Records from a data collection:

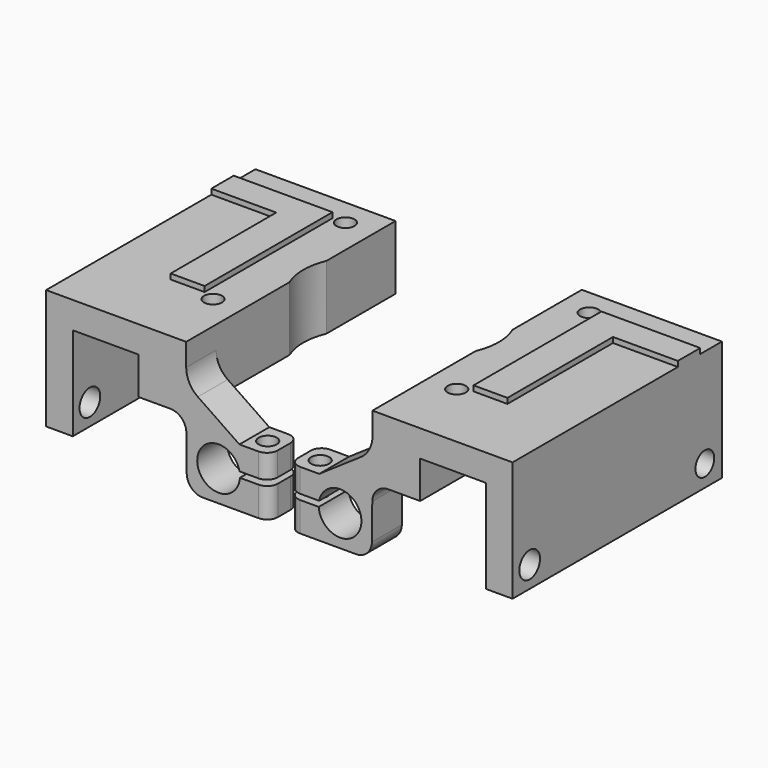
from build123d import *

# Parameters (mm, degrees)
F1_DEPTH      = 7
F2_DEPTH      = 42
F3_R          = 1.7
F3_R_2        = 11
F4_DEPTH      = 12.001
F5_R          = 4
F6_DEPTH      = 10
F7_DEPTH      = 12.001
F8_R          = 1.4
F9_DEPTH      = 10.9920075553
F8_R_2        = 1.7
F10_DEPTH     = 4.4348209087
F11_R         = 5
F12_R         = 3
F13_R         = 3
F14_R         = 2
F15_R         = 2.2
F15_R_2       = 2.4255023423
F16_DEPTH     = 6
F17_TEXT_SIZE = 41.9437823343
F18_DEPTH     = 1


# Not quite as in the source:
# - a feature names something its author has since deleted; it is built from what else it names
# - Text() gives the source's letters only with a copy of the font that has no kerning and outlines rounded to 1/6400 em; it was checked with that copy


with BuildPart() as f1:
    # F0 (on Front) → F1 (new body)
    with BuildSketch(Plane.XZ):
        Polygon((-18.6721007523, 29.8099789735), (-18.6721007523, 7.3259699669), (-13.6721007523, 7.3259699669), (-13.6721007523, 24.8099789735), (-1.3721007523, 24.8099789735), (-1.3721007523, 17.8099789735), (7.5637966118, 17.8099789735), (7.5637966118, 22.9406704692), (7.5637966118, 29.8099789735), align=None)
        Polygon((17.5301751077, 16.1394868046), (7.5637966118, 22.9406704692), (7.5637966118, 17.8099789735), (7.6940201178, 5.1484792493), (23.1186601057, 5.1484792493), (23.1186601057, 10.6682249423), (15.7860510706, 10.6682249423), (15.7860510706, 11.7046658959), (23.0896428882, 11.7046658959), (23.0896428882, 16.1394868046), align=None)
    extrude(amount=F1_DEPTH)

    # F0 (on Front) → F2 (join)
    with BuildSketch(Plane.XZ):
        Polygon((-18.6721007523, 29.8099789735), (-18.6721007523, 7.3259699669), (-13.6721007523, 7.3259699669), (-13.6721007523, 24.8099789735), (-1.3721007523, 24.8099789735), (-1.3721007523, 17.8099789735), (7.5637966118, 17.8099789735), (7.5637966118, 22.9406704692), (7.5637966118, 29.8099789735), align=None)
    extrude(amount=-F2_DEPTH)

    # F3 (on face) → F4 (cut, through all)
    with BuildSketch(Plane(origin=(0, 0, 17.8099789735), x_dir=(1, 0, 0), z_dir=(0, 0, -1))):
        with Locations((2.1850741468, -6)):
            Circle(F3_R)
        with Locations((2.1850741468, -37)):
            Circle(F3_R)
        with Locations((17.6850741468, -21.5)):
            Circle(F3_R_2)
    extrude(amount=-F4_DEPTH, mode=Mode.SUBTRACT)

    # F5 (on face) → F6 (cut)
    with BuildSketch(Plane.XZ.offset(7)):
        with Locations((13.6278992477, 10.8989789735)):
            Circle(F5_R)
    extrude(amount=-F6_DEPTH, mode=Mode.SUBTRACT)

    # F3 (on face) → F7 (cut, through all)
    with BuildSketch(Plane(origin=(0, 0, 17.8099789735), x_dir=(1, 0, 0), z_dir=(0, 0, -1))):
        with Locations((2.1850741468, -6)):
            Circle(F3_R)
        with Locations((2.1850741468, -37)):
            Circle(F3_R)
        with Locations((17.6850741468, -21.5)):
            Circle(F3_R_2)
    extrude(amount=-F7_DEPTH, mode=Mode.SUBTRACT)

    # F8 (on face) → F9 (cut, through all)
    with BuildSketch(Plane.XY.offset(16.1394868046)):
        with Locations((20.0896428882, -3.5767070949)):
            Circle(F8_R)
    extrude(amount=-F9_DEPTH, mode=Mode.SUBTRACT)

    # F8 (on face) → F10 (cut, through all)
    with BuildSketch(Plane.XY.offset(16.1394868046)):
        with Locations((20.0896428882, -3.5767070949)):
            Circle(F8_R_2)
        with Locations((20.0896428882, -3.5767070949)):
            Circle(F8_R, mode=Mode.SUBTRACT)
    extrude(amount=-F10_DEPTH, mode=Mode.SUBTRACT)

    # F11
    f11_edges = [f1.edges().sort_by_distance(p)[0] for p in [
        (7.563797, -3.5, 22.94067),
    ]]
    fillet(f11_edges, radius=F11_R)

    # F12
    f12_edges = [f1.edges().sort_by_distance(p)[0] for p in [
        (7.563797, -3.5, 17.809979),
    ]]
    fillet(f12_edges, radius=F12_R)

    # F13
    f13_edges = [f1.edges().sort_by_distance(p)[0] for p in [
        (7.69402, -3.5, 5.148479),
    ]]
    fillet(f13_edges, radius=F13_R)

    # F14
    f14_edges = [f1.edges().sort_by_distance(p)[0] for p in [
        (23.089643, -7, 13.922076),
        (23.11866, -7, 7.908352),
        (23.089643, 0, 13.922076),
        (23.11866, 0, 7.908352),
    ]]
    fillet(f14_edges, radius=F14_R)

    # F15 (on face) → F16 (cut)
    with BuildSketch(Plane(origin=(-18.6721007523, 0, 0), x_dir=(0, -1, 0), z_dir=(-1, 0, 0))):
        with Locations((-38, 11.3259699669)):
            Circle(F15_R)
        with Locations((3, 11.3259699669)):
            Circle(F15_R_2)
    extrude(amount=-F16_DEPTH, mode=Mode.SUBTRACT)

    # F17 (on face) → F18 (join)
    with BuildSketch(Plane.XY.offset(29.8099789735)):
        with Locations(Location((3.5908724648, 36.9253193088), (0, 0, 180))):
            Text('L', F17_TEXT_SIZE, font='Open Sans', font_style=FontStyle.BOLD, text_align=(TextAlign.LEFT, TextAlign.BOTTOM))
    extrude(amount=F18_DEPTH)


with BuildPart() as f19_1:
    # F19: instance of F1
    add(f1.part.mirror(Plane.YZ))


with BuildPart() as f19_1_1:
    # F20: moved
    add(f19_1.part.moved(Location((50, 0, 0))))


solid = Compound([f1.part, f19_1_1.part])
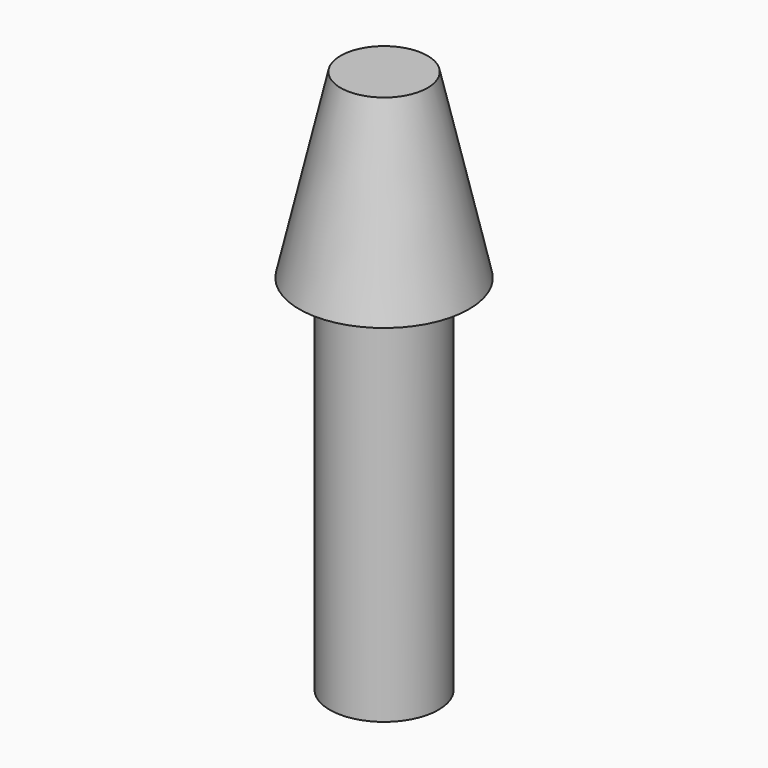
from build123d import *

# Parameters (mm, degrees)
F0_R     = 14
F1_DEPTH = 25
F3_R     = 7.5
F4_DEPTH = 50


# Not quite as in the source:
# - a fillet or chamfer that OpenCascade refuses, or shapes differently, is made with other operations: its cross-section is extruded or revolved along the edge and cut away or added


with BuildPart() as f1:
    # F0 (on Top) → F1 (new body)
    with BuildSketch(Plane.XY):
        Circle(F0_R)
    extrude(amount=F1_DEPTH)

    # F2: chamfer of 8 x 35 on 1 edges, made by hand

    # F2_s1 → F2_t2 (revolve, cut)
    with BuildSketch(Plane.XZ):
        Polygon((14, -10), (6, 25), (14, 25), align=None)
    revolve(axis=Axis((0, 0, 25), (0, 0, 1)), mode=Mode.SUBTRACT)

    # F3 (on face) → F4 (join)
    with BuildSketch(Plane(origin=(0, 0, 0), x_dir=(1, 0, 0), z_dir=(0, 0, -1))):
        Circle(F3_R)
    extrude(amount=F4_DEPTH)


solid = f1.part
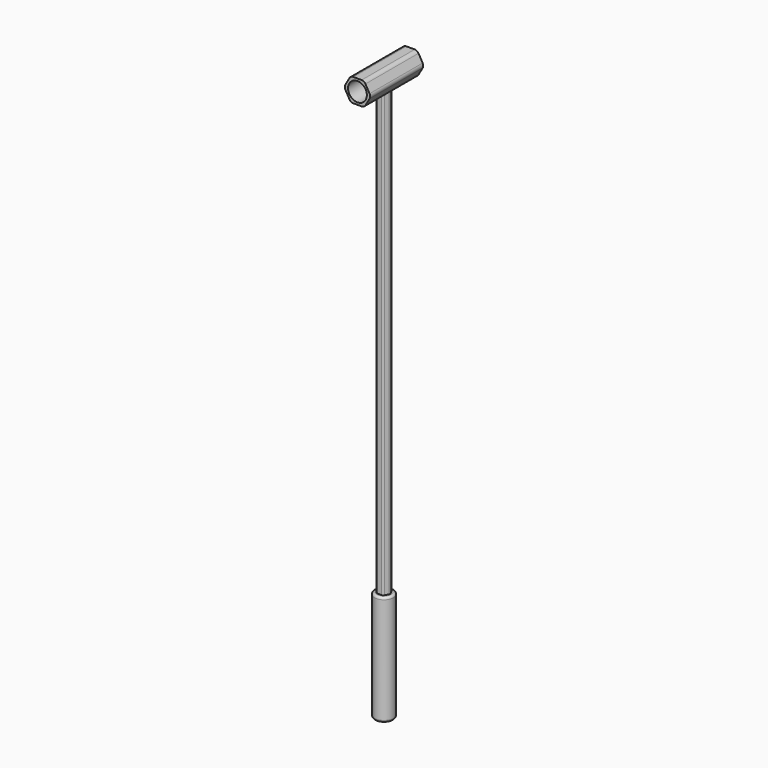
from build123d import *

# Parameters (mm, degrees)
F0_R         = 4.25
F1_DEPTH     = 30
F3_DEPTH     = 200
F4_R         = 4.25
F5_DEPTH     = 50
F6_T1_DEPTH  = 35.7735026919
F6_T6_DEPTH  = 35.7735026919
F6_T12_DEPTH = 35.7735026919
F6_T18_DEPTH = 35.7735026919
F6_T24_DEPTH = 35.7735026919
F6_T30_DEPTH = 35.7735026919
F6_T36_DEPTH = 35.7735026919
F7_R         = 1
F8_R         = 1


# Not quite as in the source:
# - a fillet or chamfer that OpenCascade refuses, or shapes differently, is made with other operations: its cross-section is extruded or revolved along the edge and cut away or added


with BuildPart() as f1:
    # F0 (on Front) → F1 (new body)
    with BuildSketch(Plane.XZ):
        Polygon((3.0310889132, 5.25), (-3.0310889132, 5.25), (-6.0621778265, 0), (-3.0310889132, -5.25), (3.0310889132, -5.25), (6.0621778265, 0), align=None)
        Circle(F0_R, mode=Mode.SUBTRACT)
    extrude(amount=F1_DEPTH)

    # F2 (on face) → F3 (join)
    with BuildSketch(Plane(origin=(0, 0, -5.25), x_dir=(1, 0, 0), z_dir=(0, 0, -1))):
        Polygon((-1.443375673, 12.5), (0, 12.5), (1.443375673, 12.5), (2.8867513459, 15), (1.443375673, 17.5), (-1.443375673, 17.5), (-2.8867513459, 15), align=None)
    extrude(amount=F3_DEPTH)

    # F4 (on face) → F5 (join)
    with BuildSketch(Plane(origin=(0, 0, -205.25), x_dir=(1, 0, 0), z_dir=(0, 0, -1))):
        with Locations((0, 15)):
            Circle(F4_R)
        Polygon((-1.443375673, 12.5), (-2.8867513459, 15), (-1.443375673, 17.5), (1.443375673, 17.5), (2.8867513459, 15), (1.443375673, 12.5), align=None, mode=Mode.SUBTRACT)
        Polygon((-1.443375673, 17.5), (-2.8867513459, 15), (-1.443375673, 12.5), (1.443375673, 12.5), (2.8867513459, 15), (1.443375673, 17.5), align=None)
    extrude(amount=F5_DEPTH)

    # F6: fillet of radius 2 on 6 edges, made by hand

    # F6_s2 → F6_t1 (cut)
    with BuildSketch(Plane.XZ.offset(-2.8867513459)):
        with BuildLine():
            ThreePointArc((5.4848275573, -1), (5.7527767497, 0), (5.4848275573, 1))
            Line((5.4848275573, 1), (6.0621778265, 0))
            Line((6.0621778265, 0), (5.4848275573, -1))
        make_face()
        with BuildLine():
            ThreePointArc((1.8763883749, 5.25), (2.8763883749, 4.9820508076), (3.6084391824, 4.25))
            Line((3.6084391824, 4.25), (3.0310889132, 5.25))
            Line((3.0310889132, 5.25), (1.8763883749, 5.25))
        make_face()
        with BuildLine():
            ThreePointArc((-3.6084391824, 4.25), (-2.8763883749, 4.9820508076), (-1.8763883749, 5.25))
            Line((-1.8763883749, 5.25), (-3.0310889132, 5.25))
            Line((-3.0310889132, 5.25), (-3.6084391824, 4.25))
        make_face()
        with BuildLine():
            ThreePointArc((-5.4848275573, -1), (-5.7527767497, 0), (-5.4848275573, 1))
            Line((-5.4848275573, 1), (-6.0621778265, 0))
            Line((-6.0621778265, 0), (-5.4848275573, -1))
        make_face()
    extrude(amount=F6_T1_DEPTH, mode=Mode.SUBTRACT)


with BuildPart() as f6_tool4:
    # F6_s5 → F6_t6 (new body)
    with BuildSketch(Plane.XZ.offset(-2.8867513459)):
        with BuildLine():
            ThreePointArc((1.8763883749, -5.25), (2.8763883749, -4.9820508076), (3.6084391824, -4.25))
            Line((3.6084391824, -4.25), (3.0310889132, -5.25))
            Line((3.0310889132, -5.25), (1.8763883749, -5.25))
        make_face()
    extrude(amount=F6_T6_DEPTH)

    split(bisect_by=Plane(origin=(-4.3301270189, -2.5, 0), x_dir=(0, 0, 1), z_dir=(0.8660254038, 0.5, 0)), keep=Keep.TOP)

    split(bisect_by=Plane(origin=(8.6602540378, -5, 0), x_dir=(0, 0, 1), z_dir=(-0.8660254038, 0.5, 0)), keep=Keep.TOP)


with BuildPart() as f1_1:
    add(f1.part)

    # F6_t3: cut F6_tool4
    add(f6_tool4.part, mode=Mode.SUBTRACT)


with BuildPart() as f6_tool10:
    # F6_s11 → F6_t12 (new body)
    with BuildSketch(Plane.XZ.offset(-2.8867513459)):
        with BuildLine():
            ThreePointArc((1.8763883749, -5.25), (2.8763883749, -4.9820508076), (3.6084391824, -4.25))
            Line((3.6084391824, -4.25), (3.0310889132, -5.25))
            Line((3.0310889132, -5.25), (1.8763883749, -5.25))
        make_face()
    extrude(amount=F6_T12_DEPTH)

    split(bisect_by=Plane(origin=(-4.3301270189, -2.5, 0), x_dir=(0, 0, 1), z_dir=(0.8660254038, 0.5, 0)), keep=Keep.TOP)

    split(bisect_by=Plane(origin=(8.6602540378, -5, 0), x_dir=(0, 0, 1), z_dir=(0.8660254038, -0.5, 0)), keep=Keep.TOP)


with BuildPart() as f1_2:
    add(f1_1.part)

    # F6_t9: cut F6_tool10
    add(f6_tool10.part, mode=Mode.SUBTRACT)


with BuildPart() as f6_tool16:
    # F6_s17 → F6_t18 (new body)
    with BuildSketch(Plane.XZ.offset(-2.8867513459)):
        with BuildLine():
            ThreePointArc((1.8763883749, -5.25), (2.8763883749, -4.9820508076), (3.6084391824, -4.25))
            Line((3.6084391824, -4.25), (3.0310889132, -5.25))
            Line((3.0310889132, -5.25), (1.8763883749, -5.25))
        make_face()
    extrude(amount=F6_T18_DEPTH)

    split(bisect_by=Plane(origin=(-4.3301270189, -2.5, 0), x_dir=(0, 0, 1), z_dir=(-0.8660254038, -0.5, 0)), keep=Keep.TOP)

    split(bisect_by=Plane(origin=(8.6602540378, -5, 0), x_dir=(0, 0, 1), z_dir=(0.8660254038, -0.5, 0)), keep=Keep.TOP)


with BuildPart() as f1_3:
    add(f1_2.part)

    # F6_t15: cut F6_tool16
    add(f6_tool16.part, mode=Mode.SUBTRACT)


with BuildPart() as f6_tool22:
    # F6_s23 → F6_t24 (new body)
    with BuildSketch(Plane.XZ.offset(-2.8867513459)):
        with BuildLine():
            ThreePointArc((-1.8763883749, -5.25), (-2.8763883749, -4.9820508076), (-3.6084391824, -4.25))
            Line((-3.6084391824, -4.25), (-3.0310889132, -5.25))
            Line((-3.0310889132, -5.25), (-1.8763883749, -5.25))
        make_face()
    extrude(amount=F6_T24_DEPTH)

    split(bisect_by=Plane(origin=(-8.6602540378, -5, 0), x_dir=(0, 0, 1), z_dir=(0.8660254038, 0.5, 0)), keep=Keep.TOP)

    split(bisect_by=Plane(origin=(4.3301270189, -2.5, 0), x_dir=(0, 0, 1), z_dir=(-0.8660254038, 0.5, 0)), keep=Keep.TOP)


with BuildPart() as f1_4:
    add(f1_3.part)

    # F6_t21: cut F6_tool22
    add(f6_tool22.part, mode=Mode.SUBTRACT)


with BuildPart() as f6_tool28:
    # F6_s29 → F6_t30 (new body)
    with BuildSketch(Plane.XZ.offset(-2.8867513459)):
        with BuildLine():
            ThreePointArc((-1.8763883749, -5.25), (-2.8763883749, -4.9820508076), (-3.6084391824, -4.25))
            Line((-3.6084391824, -4.25), (-3.0310889132, -5.25))
            Line((-3.0310889132, -5.25), (-1.8763883749, -5.25))
        make_face()
    extrude(amount=F6_T30_DEPTH)

    split(bisect_by=Plane(origin=(-8.6602540378, -5, 0), x_dir=(0, 0, 1), z_dir=(-0.8660254038, -0.5, 0)), keep=Keep.TOP)

    split(bisect_by=Plane(origin=(4.3301270189, -2.5, 0), x_dir=(0, 0, 1), z_dir=(-0.8660254038, 0.5, 0)), keep=Keep.TOP)


with BuildPart() as f1_5:
    add(f1_4.part)

    # F6_t27: cut F6_tool28
    add(f6_tool28.part, mode=Mode.SUBTRACT)


with BuildPart() as f6_tool34:
    # F6_s35 → F6_t36 (new body)
    with BuildSketch(Plane.XZ.offset(-2.8867513459)):
        with BuildLine():
            ThreePointArc((-1.8763883749, -5.25), (-2.8763883749, -4.9820508076), (-3.6084391824, -4.25))
            Line((-3.6084391824, -4.25), (-3.0310889132, -5.25))
            Line((-3.0310889132, -5.25), (-1.8763883749, -5.25))
        make_face()
    extrude(amount=F6_T36_DEPTH)

    split(bisect_by=Plane(origin=(-8.6602540378, -5, 0), x_dir=(0, 0, 1), z_dir=(-0.8660254038, -0.5, 0)), keep=Keep.TOP)

    split(bisect_by=Plane(origin=(4.3301270189, -2.5, 0), x_dir=(0, 0, 1), z_dir=(0.8660254038, -0.5, 0)), keep=Keep.TOP)


with BuildPart() as f1_6:
    add(f1_5.part)

    # F6_t33: cut F6_tool34
    add(f6_tool34.part, mode=Mode.SUBTRACT)

    # F7
    f7_edges = [f1_6.edges().sort_by_distance(p)[0] for p in [
        (-1.443376, -17.5, -105.25),
        (1.443376, -17.5, -105.25),
        (-2.886751, -15, -105.113013),
        (-1.443376, -12.5, -105.25),
        (2.886751, -15, -105.113013),
        (1.443376, -12.5, -105.25),
    ]]
    fillet(f7_edges, radius=F7_R)

    # F8
    f8_edges = [f1_6.edges().sort_by_distance(p)[0] for p in [
        (-4.25, -15, -255.25),
        (-4.25, -15, -205.25),
    ]]
    fillet(f8_edges, radius=F8_R)


solid = f1_6.part

Goal of the exercise: The required answer is each line of the entries containing the string "moved".

Finished task:
    # F20: moved
    add(f19_1.part.moved(Location((50, 0, 0))))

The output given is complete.